WHAT THE TASK ASKS → Take the line holding "doc.layers.add(name, color=color, linetype=linetype)" as the first line of the answer and the last line of the listing as its end; retype everything between exactly.

◇ ◇ ◇ ◇ ◇ ◇ ◇

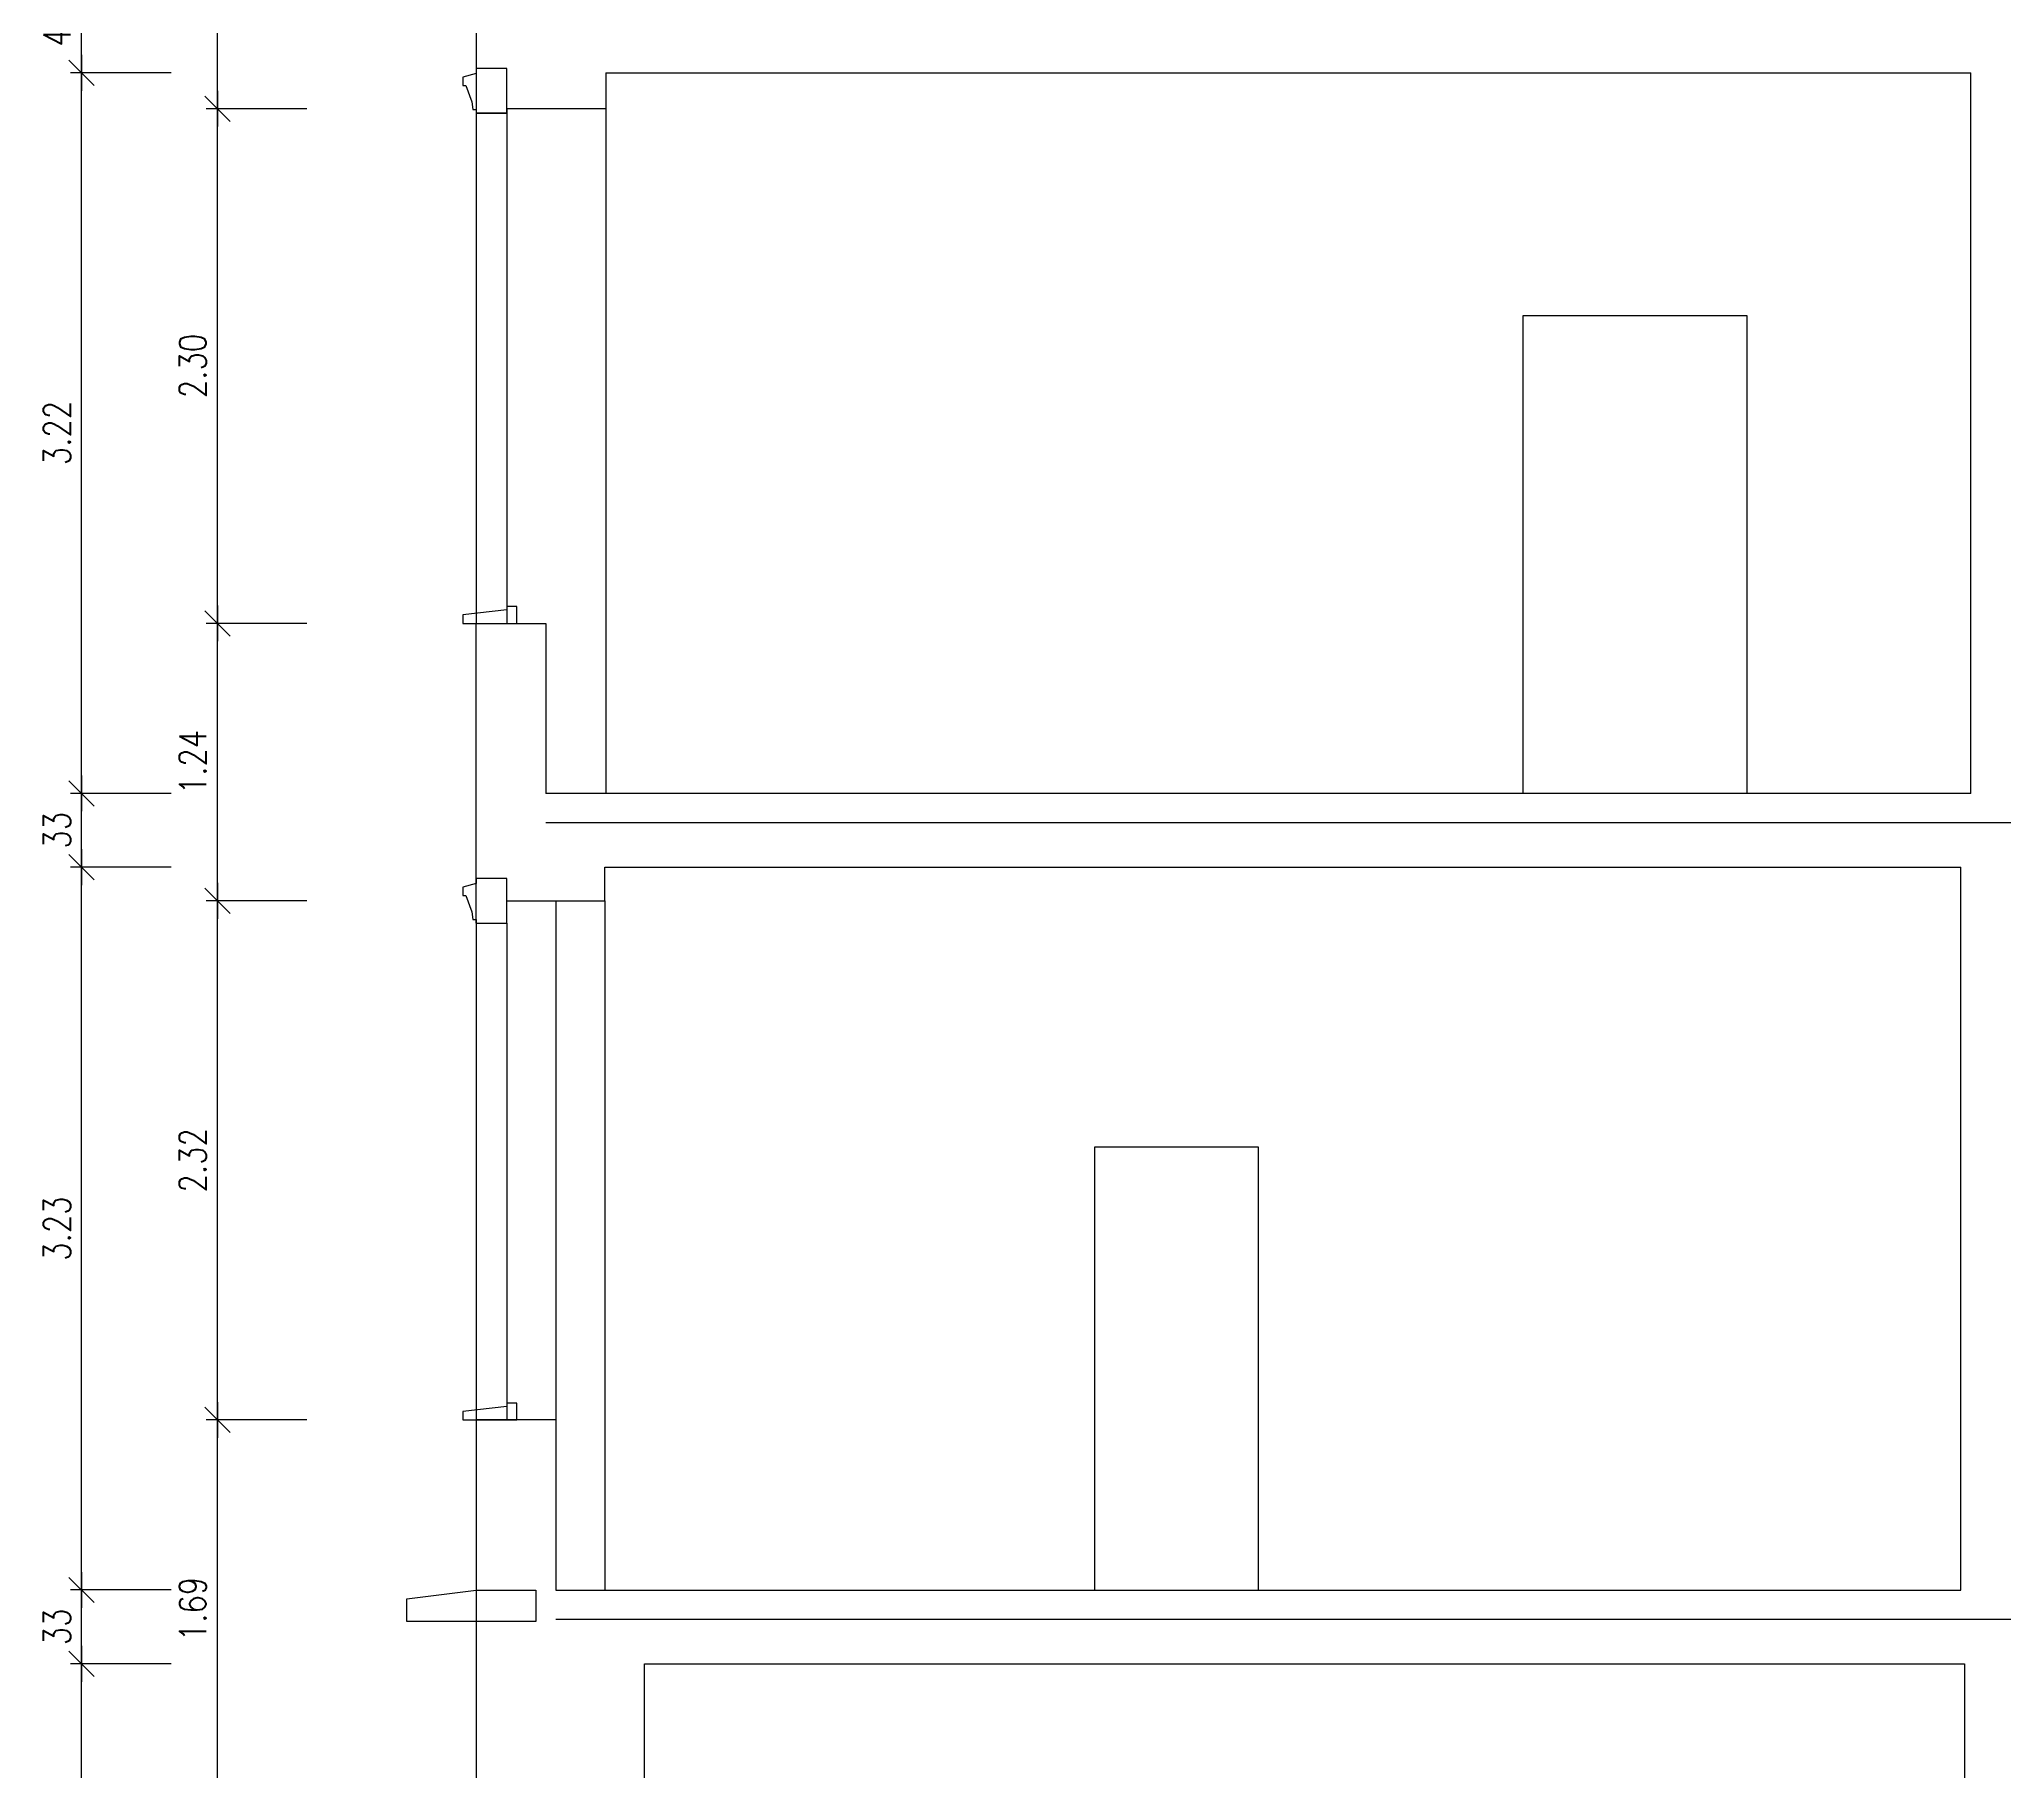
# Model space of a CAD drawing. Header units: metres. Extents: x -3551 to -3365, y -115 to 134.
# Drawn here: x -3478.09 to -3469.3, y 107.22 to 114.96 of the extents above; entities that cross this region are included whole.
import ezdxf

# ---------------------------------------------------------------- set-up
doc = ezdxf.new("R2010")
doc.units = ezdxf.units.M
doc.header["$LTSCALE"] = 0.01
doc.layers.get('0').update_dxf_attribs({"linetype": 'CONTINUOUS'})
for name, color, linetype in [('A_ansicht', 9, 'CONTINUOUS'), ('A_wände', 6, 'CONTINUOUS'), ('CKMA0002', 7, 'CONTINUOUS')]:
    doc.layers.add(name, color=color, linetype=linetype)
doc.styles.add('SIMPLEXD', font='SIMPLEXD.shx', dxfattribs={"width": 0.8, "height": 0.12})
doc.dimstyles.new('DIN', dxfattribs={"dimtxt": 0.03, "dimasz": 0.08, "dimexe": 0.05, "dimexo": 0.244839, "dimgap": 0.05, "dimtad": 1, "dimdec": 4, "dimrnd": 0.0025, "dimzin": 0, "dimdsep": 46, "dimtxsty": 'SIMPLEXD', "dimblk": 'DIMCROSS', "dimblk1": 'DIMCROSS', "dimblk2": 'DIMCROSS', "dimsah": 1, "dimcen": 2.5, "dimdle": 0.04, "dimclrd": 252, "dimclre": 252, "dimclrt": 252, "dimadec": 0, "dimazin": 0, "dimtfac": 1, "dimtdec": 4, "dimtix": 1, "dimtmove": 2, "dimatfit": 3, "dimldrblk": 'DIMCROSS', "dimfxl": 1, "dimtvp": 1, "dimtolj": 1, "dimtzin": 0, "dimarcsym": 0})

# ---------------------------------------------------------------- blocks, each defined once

◇ ◇ ◇ ◇ ◇ ◇ ◇

TASK ANSWER →
    doc.layers.add(name, color=color, linetype=linetype)
doc.styles.add('SIMPLEXD', font='SIMPLEXD.shx', dxfattribs={"width": 0.8, "height": 0.12})
doc.dimstyles.new('DIN', dxfattribs={"dimtxt": 0.03, "dimasz": 0.08, "dimexe": 0.05, "dimexo": 0.244839, "dimgap": 0.05, "dimtad": 1, "dimdec": 4, "dimrnd": 0.0025, "dimzin": 0, "dimdsep": 46, "dimtxsty": 'SIMPLEXD', "dimblk": 'DIMCROSS', "dimblk1": 'DIMCROSS', "dimblk2": 'DIMCROSS', "dimsah": 1, "dimcen": 2.5, "dimdle": 0.04, "dimclrd": 252, "dimclre": 252, "dimclrt": 252, "dimadec": 0, "dimazin": 0, "dimtfac": 1, "dimtdec": 4, "dimtix": 1, "dimtmove": 2, "dimatfit": 3, "dimldrblk": 'DIMCROSS', "dimfxl": 1, "dimtvp": 1, "dimtolj": 1, "dimtzin": 0, "dimarcsym": 0})

# ---------------------------------------------------------------- blocks, each defined once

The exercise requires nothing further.